Quantum Entanglement of Matter and Geometry in Large Systems

TL;DR

This paper explores how nonlocal quantum entanglement between matter and geometry could reconcile quantum mechanics with gravity, predicting measurable fluctuations and linking microscopic and cosmological information densities.

Contribution

It introduces models of geometrical entanglement that explain macroscopic quantum-gravity inconsistencies and predict observable effects at laboratory scales.

Findings

Predicts Planck-scale fluctuations in position of massive bodies.

Suggests entanglement accounts for holographic information density.

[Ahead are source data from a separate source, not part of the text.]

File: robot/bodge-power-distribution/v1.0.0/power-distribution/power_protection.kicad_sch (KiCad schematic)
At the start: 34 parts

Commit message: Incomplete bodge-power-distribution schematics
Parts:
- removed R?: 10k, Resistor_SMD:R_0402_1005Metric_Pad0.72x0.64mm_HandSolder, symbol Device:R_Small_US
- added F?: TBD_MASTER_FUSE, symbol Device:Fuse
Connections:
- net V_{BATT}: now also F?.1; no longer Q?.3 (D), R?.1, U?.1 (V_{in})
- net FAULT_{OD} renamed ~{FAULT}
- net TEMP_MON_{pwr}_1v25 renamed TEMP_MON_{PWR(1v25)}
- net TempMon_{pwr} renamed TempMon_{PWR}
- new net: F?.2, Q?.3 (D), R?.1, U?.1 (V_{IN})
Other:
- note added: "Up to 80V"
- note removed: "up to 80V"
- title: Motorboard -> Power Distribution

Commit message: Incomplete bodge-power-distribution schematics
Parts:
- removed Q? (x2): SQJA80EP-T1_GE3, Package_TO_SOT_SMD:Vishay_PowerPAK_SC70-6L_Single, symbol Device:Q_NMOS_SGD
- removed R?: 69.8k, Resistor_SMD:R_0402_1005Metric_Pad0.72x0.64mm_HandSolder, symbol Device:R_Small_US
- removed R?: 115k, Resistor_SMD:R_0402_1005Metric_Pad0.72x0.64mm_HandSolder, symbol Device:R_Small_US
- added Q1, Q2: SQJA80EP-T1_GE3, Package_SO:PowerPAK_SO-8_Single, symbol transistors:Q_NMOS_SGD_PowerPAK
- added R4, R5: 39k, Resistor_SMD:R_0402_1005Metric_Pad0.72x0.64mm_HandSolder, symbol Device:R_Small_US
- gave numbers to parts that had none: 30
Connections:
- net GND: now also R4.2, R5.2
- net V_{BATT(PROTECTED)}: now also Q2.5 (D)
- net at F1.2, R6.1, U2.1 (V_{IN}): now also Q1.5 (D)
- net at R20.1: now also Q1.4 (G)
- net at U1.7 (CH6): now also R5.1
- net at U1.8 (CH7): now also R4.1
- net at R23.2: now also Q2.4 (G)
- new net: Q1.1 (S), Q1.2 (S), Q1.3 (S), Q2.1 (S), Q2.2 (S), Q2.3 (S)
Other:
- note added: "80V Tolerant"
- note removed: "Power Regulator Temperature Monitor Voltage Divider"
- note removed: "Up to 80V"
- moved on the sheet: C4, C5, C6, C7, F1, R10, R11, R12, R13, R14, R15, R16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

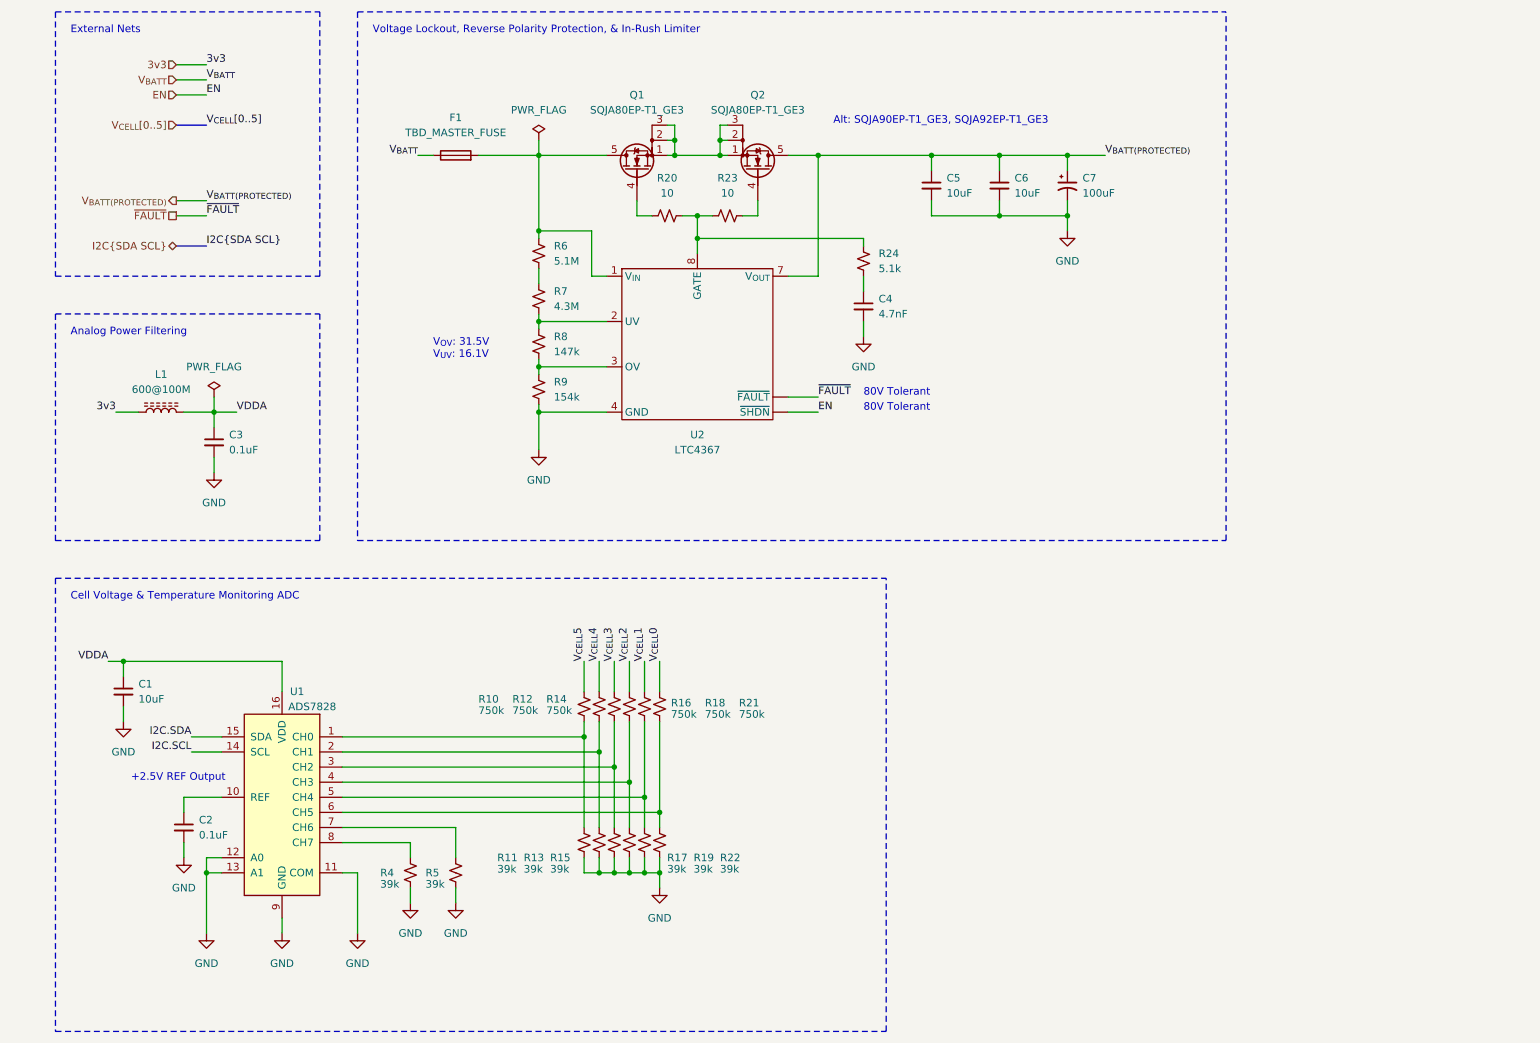
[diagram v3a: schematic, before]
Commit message: Separated power monitor into its own sheet
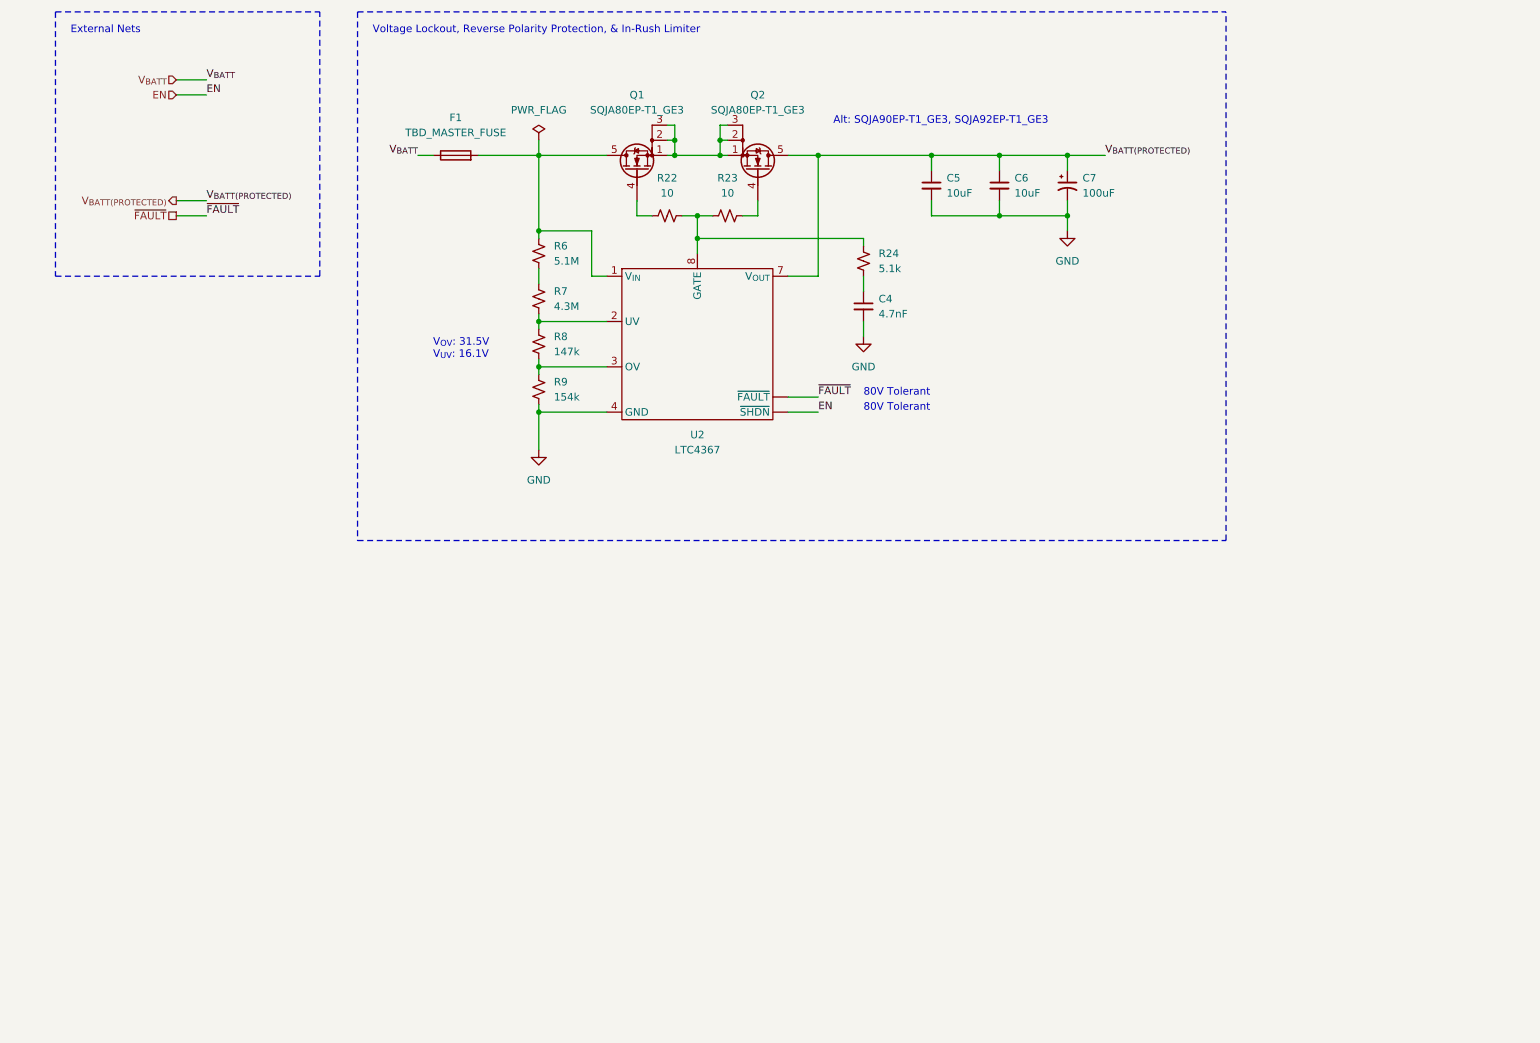
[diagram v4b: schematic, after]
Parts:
- removed C1: 10uF, Capacitor_SMD:C_1210_3225Metric_Pad1.33x2.70mm_HandSolder, symbol Device:C_Small
- removed C2, C3: 0.1uF, Capacitor_SMD:C_0402_1005Metric_Pad0.74x0.62mm_HandSolder, symbol Device:C_Small
- removed L1: 600@100M, Inductor_SMD:L_0603_1608Metric_Pad1.05x0.95mm_HandSolder, symbol Device:L_Ferrite
- removed R10, R12, R14, R16, R18, R21: 750k, Resistor_SMD:R_0402_1005Metric_Pad0.72x0.64mm_HandSolder, symbol Device:R_Small_US
- removed R11, R13, R15, R17, R19, R22, R4, R5: 39k, Resistor_SMD:R_0402_1005Metric_Pad0.72x0.64mm_HandSolder, symbol Device:R_Small_US
- removed U1: ADS7828, Package_SO:TSSOP-16_4.4x5mm_P0.65mm, symbol Analog_ADC:ADS7828
- renumbered R20 to R22
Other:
- note removed: "+2.5V REF Output"
- note removed: "Analog Power Filtering"
- note removed: "Cell Voltage & Temperature Monitoring ADC"

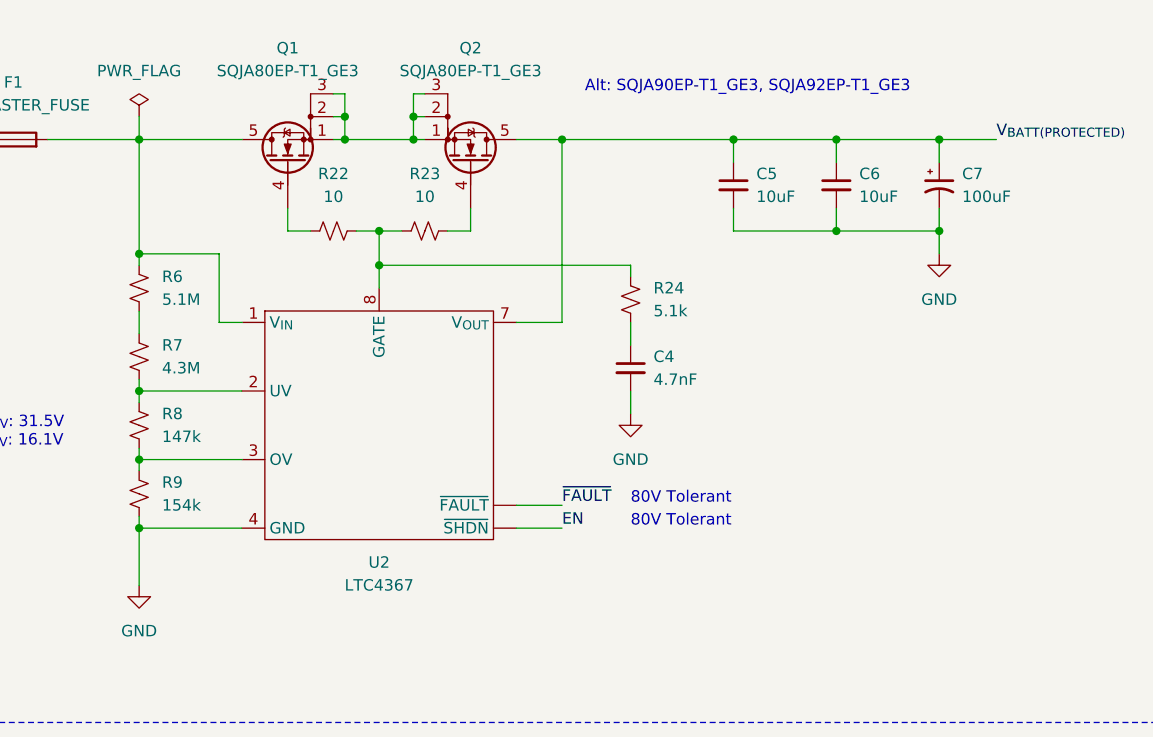
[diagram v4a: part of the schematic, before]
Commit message: Rename transistors library to AT-Transistors
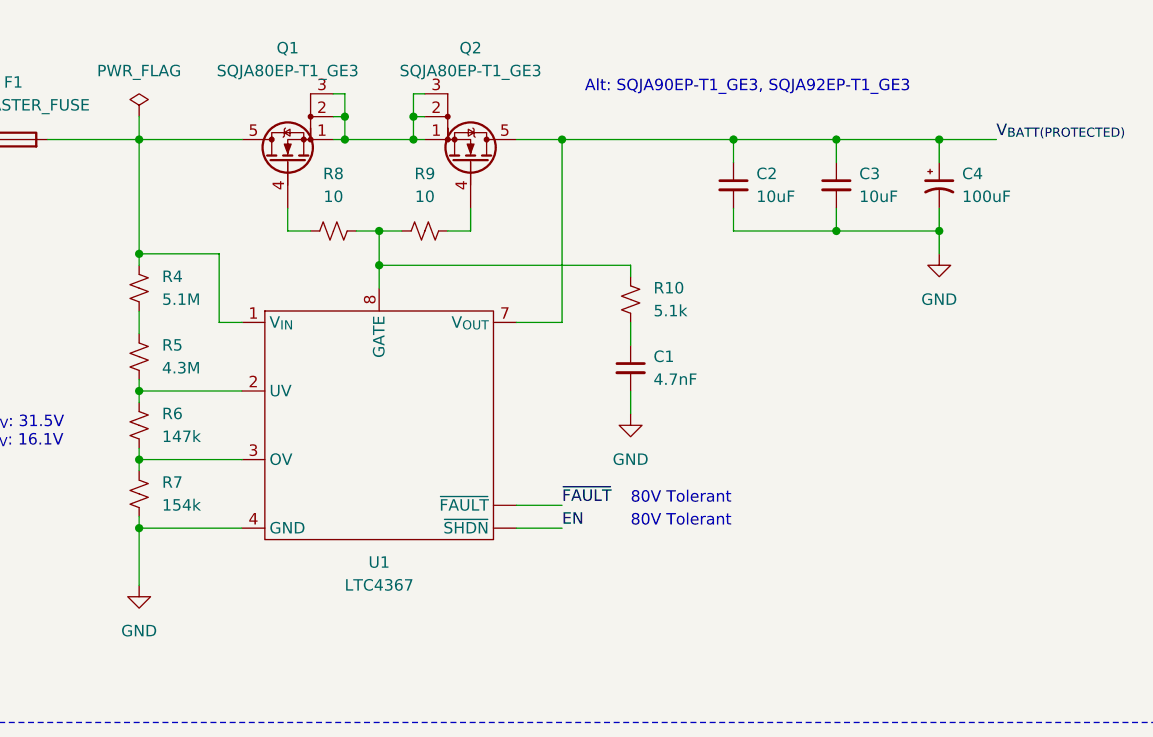
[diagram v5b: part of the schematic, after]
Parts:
- removed Q1: SQJA80EP-T1_GE3, Package_SO:PowerPAK_SO-8_Single, symbol transistors:Q_NMOS_SGD_PowerPAK
- added Q1: SQJA80EP-T1_GE3, Package_SO:PowerPAK_SO-8_Single, symbol AT-Transistors:Q_NMOS_SGD_PowerPAK
- Q2: symbol transistors:Q_NMOS_SGD_PowerPAK -> AT-Transistors:Q_NMOS_SGD_PowerPAK
- renumbered C4 to C1, C5 to C2, C6 to C3, C7 to C4, R24 to R10, R6 to R4, R7 to R5, R8 to R6, R9 to R7, R22 to R8, R23 to R9, U2 to U1
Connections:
- net at F1.2, R4.1, U1.1 (V_{IN}): now also Q1.5 (D)
- net at Q2.1 (S), Q2.2 (S), Q2.3 (S): now also Q1.1 (S), Q1.2 (S), Q1.3 (S)
- net at R8.1: now also Q1.4 (G)
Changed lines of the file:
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@@
   (symbol (lib_id "Device:R_Small_US") (at 100.33 59.69 0) (unit 1)
     (in_bom yes) (on_board yes) (fields_autoplaced)
-    (property "Reference" "R6" (id 0) (at 102.87 58.4199 0)
+    (property "Reference" "R4" (id 0) (at 102.87 58.4199 0)
       (effects (font (size 1.27 1.27)) (justify left))
     )
@@
     (pin "2")
   )
-  (symbol (lib_id "transistors:Q_NMOS_SGD_PowerPAK") (at 137.16 45.72 270) (mirror x) (unit 1)
+  (symbol (lib_id "AT-Transistors:Q_NMOS_SGD_PowerPAK") (at 137.16 45.72 270) (mirror x) (unit 1)
     (in_bom yes) (on_board yes)
     (property "Reference" "Q2" (id 0) (at 137.16 33.02 90))
@@
   (symbol (lib_id "Device:R_Small_US") (at 100.33 67.31 0) (unit 1)
     (in_bom yes) (on_board yes) (fields_autoplaced)
-    (property "Reference" "R7" (id 0) (at 102.87 66.0399 0)
+    (property "Reference" "R5" (id 0) (at 102.87 66.0399 0)
       (effects (font (size 1.27 1.27)) (justify left))
     )
@@
     (pin "2")
   )
+  (symbol (lib_id "AT-Transistors:Q_NMOS_SGD_PowerPAK") (at 116.84 45.72 90) (unit 1)
+    (in_bom yes) (on_board yes)
+    (property "Reference" "Q1" (id 0) (at 116.84 33.02 90))
+    (property "Value" "SQJA80EP-T1_GE3" (id 1) (at 116.84 35.56 90))
+    (property "Footprint" "Package_SO:PowerPAK_SO-8_Single" (id 2) (at 114.3 40.64 0)
+      (effects (font (size 1.27 1.27)) hide)
+    )
+    (property "Datasheet" "~" (id 3) (at 116.84 45.72 0)
+      (effects (font (size 1.27 1.27)) hide)
+    )
+    (pin "1")
+    (pin "2")
+    (pin "3")
+    (pin "4")
+    (pin "5")
+  )
   (symbol (lib_id "Device:C_Polarized_Small_US") (at 189.23 48.26 0) (unit 1)
     (in_bom yes) (on_board yes) (fields_autoplaced)
-    (property "Reference" "C7" (id 0) (at 191.77 46.9899 0)
+    (property "Reference" "C4" (id 0) (at 191.77 46.9899 0)
       (effects (font (size 1.27 1.27)) (justify left))
     )
@@
   (symbol (lib_id "Device:R_Small_US") (at 154.94 60.96 0) (unit 1)
     (in_bom yes) (on_board yes) (fields_autoplaced)
-    (property "Reference" "R24" (id 0) (at 157.48 59.6899 0)
+    (property "Reference" "R10" (id 0) (at 157.48 59.6899 0)
       (effects (font (size 1.27 1.27)) (justify left))
     )
@@
   (symbol (lib_id "power:GND") (at 154.94 73.66 0) (unit 1)
     (in_bom yes) (on_board yes) (fields_autoplaced)
-    (property "Reference" "#PWR022" (id 0) (at 154.94 80.01 0)
+    (property "Reference" "#PWR012" (id 0) (at 154.94 80.01 0)
       (effects (font (size 1.27 1.27)) hide)
     )
@@
   (symbol (lib_id "ltc_regulators:LTC4367") (at 127 74.93 0) (unit 1)
     (in_bom yes) (on_board yes) (fields_autoplaced)
-    (property "Reference" "U2" (id 0) (at 127 90.17 0))
+    (property "Reference" "U1" (id 0) (at 127 90.17 0))
     (property "Value" "LTC4367" (id 1) (at 127 92.71 0))
     (property "Footprint" "" (id 2) (at 127 74.93 0)
@@
   (symbol (lib_id "power:PWR_FLAG") (at 100.33 40.64 0) (unit 1)
     (in_bom yes) (on_board yes) (fields_autoplaced)
-    (property "Reference" "#FLG04" (id 0) (at 100.33 38.735 0)
+    (property "Reference" "#FLG03" (id 0) (at 100.33 38.735 0)
       (effects (font (size 1.27 1.27)) hide)
     )
@@
   (symbol (lib_id "power:GND") (at 189.23 55.88 0) (unit 1)
     (in_bom yes) (on_board yes) (fields_autoplaced)
-    (property "Reference" "#PWR023" (id 0) (at 189.23 62.23 0)
+    (property "Reference" "#PWR013" (id 0) (at 189.23 62.23 0)
       (effects (font (size 1.27 1.27)) hide)
     )
@@
   (symbol (lib_id "Device:C_Small") (at 166.37 48.26 0) (unit 1)
     (in_bom yes) (on_board yes) (fields_autoplaced)
-    (property "Reference" "C5" (id 0) (at 168.91 46.9899 0)
+    (property "Reference" "C2" (id 0) (at 168.91 46.9899 0)
       (effects (font (size 1.27 1.27)) (justify left))
     )
@@
   (symbol (lib_id "Device:C_Small") (at 177.8 48.26 0) (unit 1)
     (in_bom yes) (on_board yes) (fields_autoplaced)
-    (property "Reference" "C6" (id 0) (at 180.34 46.9899 0)
+    (property "Reference" "C3" (id 0) (at 180.34 46.9899 0)
       (effects (font (size 1.27 1.27)) (justify left))
     )
@@
   (symbol (lib_id "Device:R_Small_US") (at 132.08 53.34 90) (unit 1)
     (in_bom yes) (on_board yes) (fields_autoplaced)
-    (property "Reference" "R23" (id 0) (at 132.08 46.99 90))
+    (property "Reference" "R9" (id 0) (at 132.08 46.99 90))
     (property "Value" "10" (id 1) (at 132.08 49.53 90))
     (property "Footprint" "Resistor_SMD:R_0402_1005Metric_Pad0.72x0.64mm_HandSolder" (id 2) (at 132.08 53.34 0)
@@
   (symbol (lib_id "Device:C_Small") (at 154.94 68.58 0) (unit 1)
     (in_bom yes) (on_board yes) (fields_autoplaced)
-    (property "Reference" "C4" (id 0) (at 157.48 67.3099 0)
+    (property "Reference" "C1" (id 0) (at 157.48 67.3099 0)
       (effects (font (size 1.27 1.27)) (justify left))
     )
@@
   (symbol (lib_id "power:GND") (at 100.33 92.71 0) (unit 1)
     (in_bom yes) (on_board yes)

Proposes measurable laboratory-scale effects of matter-geometry entanglement.

Abstract

Standard quantum mechanics and gravity are used to estimate the mass and size of idealized gravitating systems where position states of matter and geometry become indeterminate. It is proposed that well-known inconsistencies of standard quantum field theory with general relativity on macroscopic scales can be reconciled by nonstandard, nonlocal entanglement of field states with quantum states of geometry. Wave functions of particle world lines are used to estimate scales of geometrical entanglement and emergent locality. Simple models of entanglement predict coherent fluctuations in position of massive bodies, of Planck scale origin, measurable on a laboratory scale, and may account for the fact that the information density of long lived position states in Standard Model fields, which is determined by the strong interactions, is the same as that determined holographically by the cosmological constant.